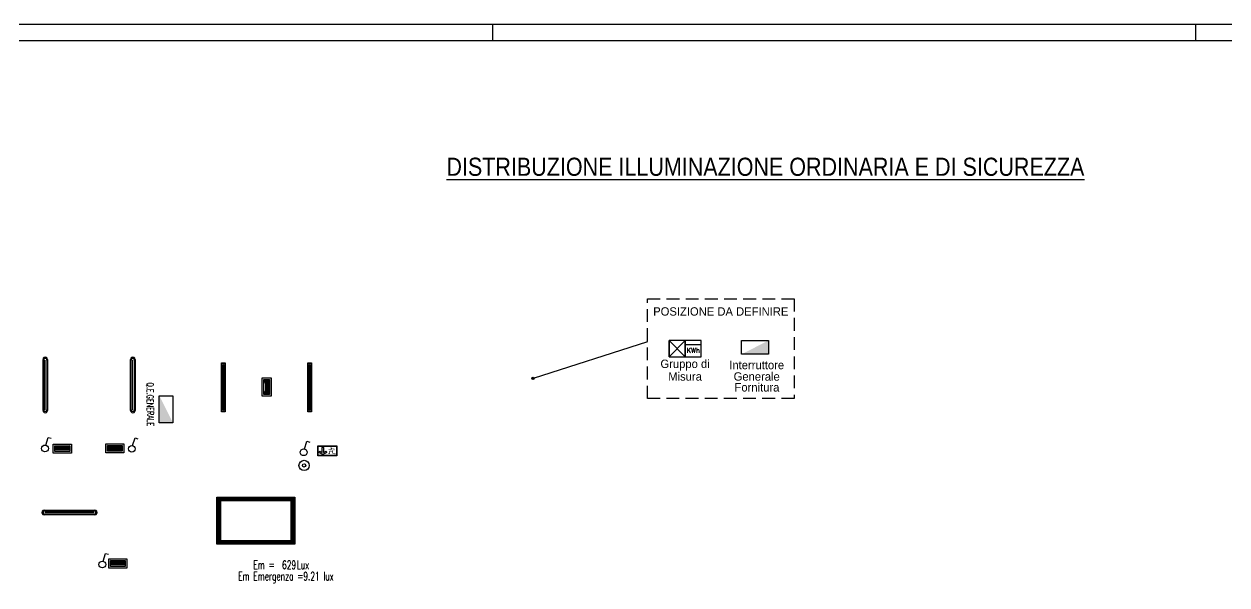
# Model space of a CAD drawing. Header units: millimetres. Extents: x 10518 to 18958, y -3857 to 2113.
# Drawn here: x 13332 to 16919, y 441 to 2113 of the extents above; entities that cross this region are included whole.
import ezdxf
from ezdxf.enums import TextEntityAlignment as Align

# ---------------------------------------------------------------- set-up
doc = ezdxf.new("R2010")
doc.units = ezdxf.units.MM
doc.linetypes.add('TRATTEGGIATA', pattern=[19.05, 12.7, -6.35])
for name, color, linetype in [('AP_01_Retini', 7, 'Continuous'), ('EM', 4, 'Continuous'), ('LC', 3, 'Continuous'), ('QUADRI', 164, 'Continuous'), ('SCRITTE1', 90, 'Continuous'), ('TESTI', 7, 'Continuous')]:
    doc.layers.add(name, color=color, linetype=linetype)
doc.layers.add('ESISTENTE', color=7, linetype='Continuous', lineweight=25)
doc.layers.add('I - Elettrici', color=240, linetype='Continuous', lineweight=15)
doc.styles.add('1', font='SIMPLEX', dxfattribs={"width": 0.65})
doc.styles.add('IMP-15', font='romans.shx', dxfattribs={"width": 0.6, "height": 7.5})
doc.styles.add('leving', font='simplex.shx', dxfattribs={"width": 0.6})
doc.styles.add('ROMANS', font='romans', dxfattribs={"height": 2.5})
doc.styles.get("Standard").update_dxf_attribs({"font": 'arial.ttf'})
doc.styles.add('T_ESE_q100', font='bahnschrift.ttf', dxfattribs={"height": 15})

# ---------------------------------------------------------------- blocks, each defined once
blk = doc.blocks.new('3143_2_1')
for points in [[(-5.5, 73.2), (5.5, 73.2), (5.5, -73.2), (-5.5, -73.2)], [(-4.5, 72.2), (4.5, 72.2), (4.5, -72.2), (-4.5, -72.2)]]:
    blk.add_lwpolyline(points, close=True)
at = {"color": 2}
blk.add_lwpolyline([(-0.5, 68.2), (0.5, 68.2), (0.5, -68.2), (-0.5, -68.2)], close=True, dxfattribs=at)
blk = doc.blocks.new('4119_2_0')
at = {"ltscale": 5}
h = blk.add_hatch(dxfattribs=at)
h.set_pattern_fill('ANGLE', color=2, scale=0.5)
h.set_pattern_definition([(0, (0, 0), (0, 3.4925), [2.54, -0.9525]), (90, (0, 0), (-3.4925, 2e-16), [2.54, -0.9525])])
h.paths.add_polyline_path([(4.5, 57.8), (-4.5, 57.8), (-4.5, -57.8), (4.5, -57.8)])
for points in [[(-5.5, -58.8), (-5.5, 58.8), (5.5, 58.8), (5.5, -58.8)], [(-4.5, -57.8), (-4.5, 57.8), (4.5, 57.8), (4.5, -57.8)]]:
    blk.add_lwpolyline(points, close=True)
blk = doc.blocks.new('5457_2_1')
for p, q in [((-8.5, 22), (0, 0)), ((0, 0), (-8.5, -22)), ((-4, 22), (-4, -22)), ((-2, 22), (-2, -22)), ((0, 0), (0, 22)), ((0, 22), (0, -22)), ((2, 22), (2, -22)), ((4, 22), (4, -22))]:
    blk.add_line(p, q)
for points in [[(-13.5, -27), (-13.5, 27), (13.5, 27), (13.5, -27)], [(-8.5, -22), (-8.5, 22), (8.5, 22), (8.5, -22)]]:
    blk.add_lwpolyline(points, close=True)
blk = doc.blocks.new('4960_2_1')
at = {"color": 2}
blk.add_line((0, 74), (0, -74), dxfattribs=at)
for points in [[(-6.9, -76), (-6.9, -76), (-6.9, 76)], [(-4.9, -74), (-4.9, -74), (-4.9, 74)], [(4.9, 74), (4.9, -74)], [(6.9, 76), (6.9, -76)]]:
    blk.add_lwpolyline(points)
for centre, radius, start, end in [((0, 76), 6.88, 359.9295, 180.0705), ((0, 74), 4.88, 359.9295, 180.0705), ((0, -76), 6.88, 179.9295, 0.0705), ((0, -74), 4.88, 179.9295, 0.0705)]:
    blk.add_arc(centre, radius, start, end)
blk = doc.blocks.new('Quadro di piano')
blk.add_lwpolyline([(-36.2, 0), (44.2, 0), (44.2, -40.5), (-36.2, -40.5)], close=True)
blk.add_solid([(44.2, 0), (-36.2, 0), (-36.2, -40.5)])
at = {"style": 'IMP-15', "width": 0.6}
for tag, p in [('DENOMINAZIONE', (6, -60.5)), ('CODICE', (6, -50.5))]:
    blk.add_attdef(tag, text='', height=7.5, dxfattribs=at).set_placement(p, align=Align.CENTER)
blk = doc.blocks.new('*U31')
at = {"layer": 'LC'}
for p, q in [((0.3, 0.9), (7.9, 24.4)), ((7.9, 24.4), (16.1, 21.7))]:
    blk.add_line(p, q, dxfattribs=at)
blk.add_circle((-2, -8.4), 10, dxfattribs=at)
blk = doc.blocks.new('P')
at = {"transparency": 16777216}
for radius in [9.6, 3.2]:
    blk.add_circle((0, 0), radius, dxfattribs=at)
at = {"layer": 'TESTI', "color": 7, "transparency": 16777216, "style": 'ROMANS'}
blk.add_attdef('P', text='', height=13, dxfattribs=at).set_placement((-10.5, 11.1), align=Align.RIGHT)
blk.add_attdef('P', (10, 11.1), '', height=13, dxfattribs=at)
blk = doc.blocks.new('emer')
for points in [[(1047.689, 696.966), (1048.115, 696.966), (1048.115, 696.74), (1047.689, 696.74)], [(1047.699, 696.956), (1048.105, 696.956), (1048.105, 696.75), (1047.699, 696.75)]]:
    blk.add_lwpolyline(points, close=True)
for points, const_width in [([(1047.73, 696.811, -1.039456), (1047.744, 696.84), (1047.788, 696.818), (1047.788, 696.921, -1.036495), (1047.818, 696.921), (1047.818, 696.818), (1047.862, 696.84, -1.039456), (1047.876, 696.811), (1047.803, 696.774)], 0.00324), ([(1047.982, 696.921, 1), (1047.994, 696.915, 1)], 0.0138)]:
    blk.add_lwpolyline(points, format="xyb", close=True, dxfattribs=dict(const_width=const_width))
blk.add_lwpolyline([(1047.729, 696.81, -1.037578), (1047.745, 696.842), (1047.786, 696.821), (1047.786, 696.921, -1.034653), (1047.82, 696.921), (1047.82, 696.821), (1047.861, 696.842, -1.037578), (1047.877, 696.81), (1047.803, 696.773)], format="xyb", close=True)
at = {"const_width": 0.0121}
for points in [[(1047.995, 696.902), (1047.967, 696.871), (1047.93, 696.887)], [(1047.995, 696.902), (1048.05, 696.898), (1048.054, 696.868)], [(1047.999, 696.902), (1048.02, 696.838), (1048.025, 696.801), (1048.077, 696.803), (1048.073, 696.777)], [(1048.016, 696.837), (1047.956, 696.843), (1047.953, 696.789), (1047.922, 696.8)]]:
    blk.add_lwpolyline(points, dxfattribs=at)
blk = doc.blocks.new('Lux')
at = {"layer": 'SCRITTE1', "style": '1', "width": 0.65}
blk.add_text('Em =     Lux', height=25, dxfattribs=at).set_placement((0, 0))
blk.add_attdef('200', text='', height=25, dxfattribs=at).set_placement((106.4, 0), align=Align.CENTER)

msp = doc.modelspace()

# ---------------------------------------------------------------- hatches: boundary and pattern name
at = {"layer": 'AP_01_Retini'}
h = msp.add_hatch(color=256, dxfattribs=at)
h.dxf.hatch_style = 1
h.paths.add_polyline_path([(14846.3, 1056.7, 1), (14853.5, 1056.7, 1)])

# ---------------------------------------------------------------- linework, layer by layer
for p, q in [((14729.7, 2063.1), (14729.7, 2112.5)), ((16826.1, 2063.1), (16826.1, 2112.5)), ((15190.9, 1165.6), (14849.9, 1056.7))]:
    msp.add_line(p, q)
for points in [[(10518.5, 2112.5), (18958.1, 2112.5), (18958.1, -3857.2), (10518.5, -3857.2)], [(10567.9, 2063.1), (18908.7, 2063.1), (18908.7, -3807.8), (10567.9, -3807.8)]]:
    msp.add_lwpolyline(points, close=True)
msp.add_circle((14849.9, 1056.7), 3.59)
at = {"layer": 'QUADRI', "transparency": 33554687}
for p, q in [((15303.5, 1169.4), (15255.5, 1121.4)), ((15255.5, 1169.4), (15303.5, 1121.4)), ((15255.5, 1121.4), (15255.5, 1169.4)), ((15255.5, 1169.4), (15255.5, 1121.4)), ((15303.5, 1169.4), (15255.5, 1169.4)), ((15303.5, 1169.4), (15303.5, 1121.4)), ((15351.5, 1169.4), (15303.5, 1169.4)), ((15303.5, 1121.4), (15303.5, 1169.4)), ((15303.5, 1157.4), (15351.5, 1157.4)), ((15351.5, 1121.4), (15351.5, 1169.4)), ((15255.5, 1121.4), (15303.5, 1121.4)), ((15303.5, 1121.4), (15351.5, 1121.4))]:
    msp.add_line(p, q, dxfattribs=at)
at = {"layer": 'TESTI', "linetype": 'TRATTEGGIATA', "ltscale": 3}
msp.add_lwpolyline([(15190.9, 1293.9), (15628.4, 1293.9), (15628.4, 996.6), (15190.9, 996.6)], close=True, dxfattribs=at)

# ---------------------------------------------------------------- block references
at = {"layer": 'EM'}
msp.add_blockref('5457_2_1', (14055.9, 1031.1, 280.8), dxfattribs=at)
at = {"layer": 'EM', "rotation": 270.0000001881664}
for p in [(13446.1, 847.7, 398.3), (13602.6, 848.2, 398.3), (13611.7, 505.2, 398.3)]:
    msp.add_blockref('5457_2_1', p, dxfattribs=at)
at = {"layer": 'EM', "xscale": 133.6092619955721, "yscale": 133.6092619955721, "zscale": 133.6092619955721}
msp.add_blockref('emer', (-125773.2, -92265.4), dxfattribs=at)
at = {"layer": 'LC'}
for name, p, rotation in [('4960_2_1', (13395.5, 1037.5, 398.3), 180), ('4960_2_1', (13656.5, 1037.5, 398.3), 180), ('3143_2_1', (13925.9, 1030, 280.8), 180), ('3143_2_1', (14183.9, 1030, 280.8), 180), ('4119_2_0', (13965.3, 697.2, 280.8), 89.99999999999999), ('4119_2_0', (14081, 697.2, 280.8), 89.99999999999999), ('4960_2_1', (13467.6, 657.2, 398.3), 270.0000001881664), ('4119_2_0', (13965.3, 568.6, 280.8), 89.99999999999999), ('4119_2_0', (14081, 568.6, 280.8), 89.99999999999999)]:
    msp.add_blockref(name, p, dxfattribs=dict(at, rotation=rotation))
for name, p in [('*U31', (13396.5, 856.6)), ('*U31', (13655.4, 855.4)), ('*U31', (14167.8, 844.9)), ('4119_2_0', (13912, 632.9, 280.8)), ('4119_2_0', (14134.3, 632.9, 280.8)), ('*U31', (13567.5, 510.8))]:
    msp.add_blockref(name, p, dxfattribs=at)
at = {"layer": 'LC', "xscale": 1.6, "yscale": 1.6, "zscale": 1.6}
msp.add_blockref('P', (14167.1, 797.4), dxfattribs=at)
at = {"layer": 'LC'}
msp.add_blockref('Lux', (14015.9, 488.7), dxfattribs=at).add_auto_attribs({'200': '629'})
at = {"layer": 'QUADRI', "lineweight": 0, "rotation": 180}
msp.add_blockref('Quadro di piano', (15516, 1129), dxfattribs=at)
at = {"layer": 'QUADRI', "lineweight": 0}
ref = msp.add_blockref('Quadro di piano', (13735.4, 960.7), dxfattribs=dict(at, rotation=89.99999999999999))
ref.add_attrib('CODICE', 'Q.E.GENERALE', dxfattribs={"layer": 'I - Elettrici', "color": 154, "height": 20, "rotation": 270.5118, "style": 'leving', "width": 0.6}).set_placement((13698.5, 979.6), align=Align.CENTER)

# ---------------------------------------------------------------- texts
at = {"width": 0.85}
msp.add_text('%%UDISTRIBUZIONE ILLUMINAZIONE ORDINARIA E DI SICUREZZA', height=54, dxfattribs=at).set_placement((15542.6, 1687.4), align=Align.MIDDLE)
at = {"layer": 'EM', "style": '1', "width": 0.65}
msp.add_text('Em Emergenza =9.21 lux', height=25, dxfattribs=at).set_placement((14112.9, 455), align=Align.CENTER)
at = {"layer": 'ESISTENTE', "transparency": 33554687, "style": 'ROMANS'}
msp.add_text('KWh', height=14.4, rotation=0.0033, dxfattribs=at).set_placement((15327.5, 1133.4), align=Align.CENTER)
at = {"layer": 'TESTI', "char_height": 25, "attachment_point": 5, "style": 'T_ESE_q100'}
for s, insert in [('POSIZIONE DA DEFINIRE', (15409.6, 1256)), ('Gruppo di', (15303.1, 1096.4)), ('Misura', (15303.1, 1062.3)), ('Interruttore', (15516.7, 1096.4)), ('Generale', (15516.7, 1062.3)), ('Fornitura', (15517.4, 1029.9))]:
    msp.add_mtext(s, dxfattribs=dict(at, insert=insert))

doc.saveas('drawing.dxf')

• [ASSIGNMENT]:
All lines from the beginning of the material above through the line holding "doc.units = ezdxf.units.MM" are to be given again exactly, and no others; pictures do not go in.

• [RESPONSE TO THIS TASK]:
# Model space of a CAD drawing. Header units: millimetres. Extents: x 10518 to 18958, y -3857 to 2113.
# Drawn here: x 13332 to 16919, y 441 to 2113 of the extents above; entities that cross this region are included whole.
import ezdxf
from ezdxf.enums import TextEntityAlignment as Align

# ---------------------------------------------------------------- set-up
doc = ezdxf.new("R2010")
doc.units = ezdxf.units.MM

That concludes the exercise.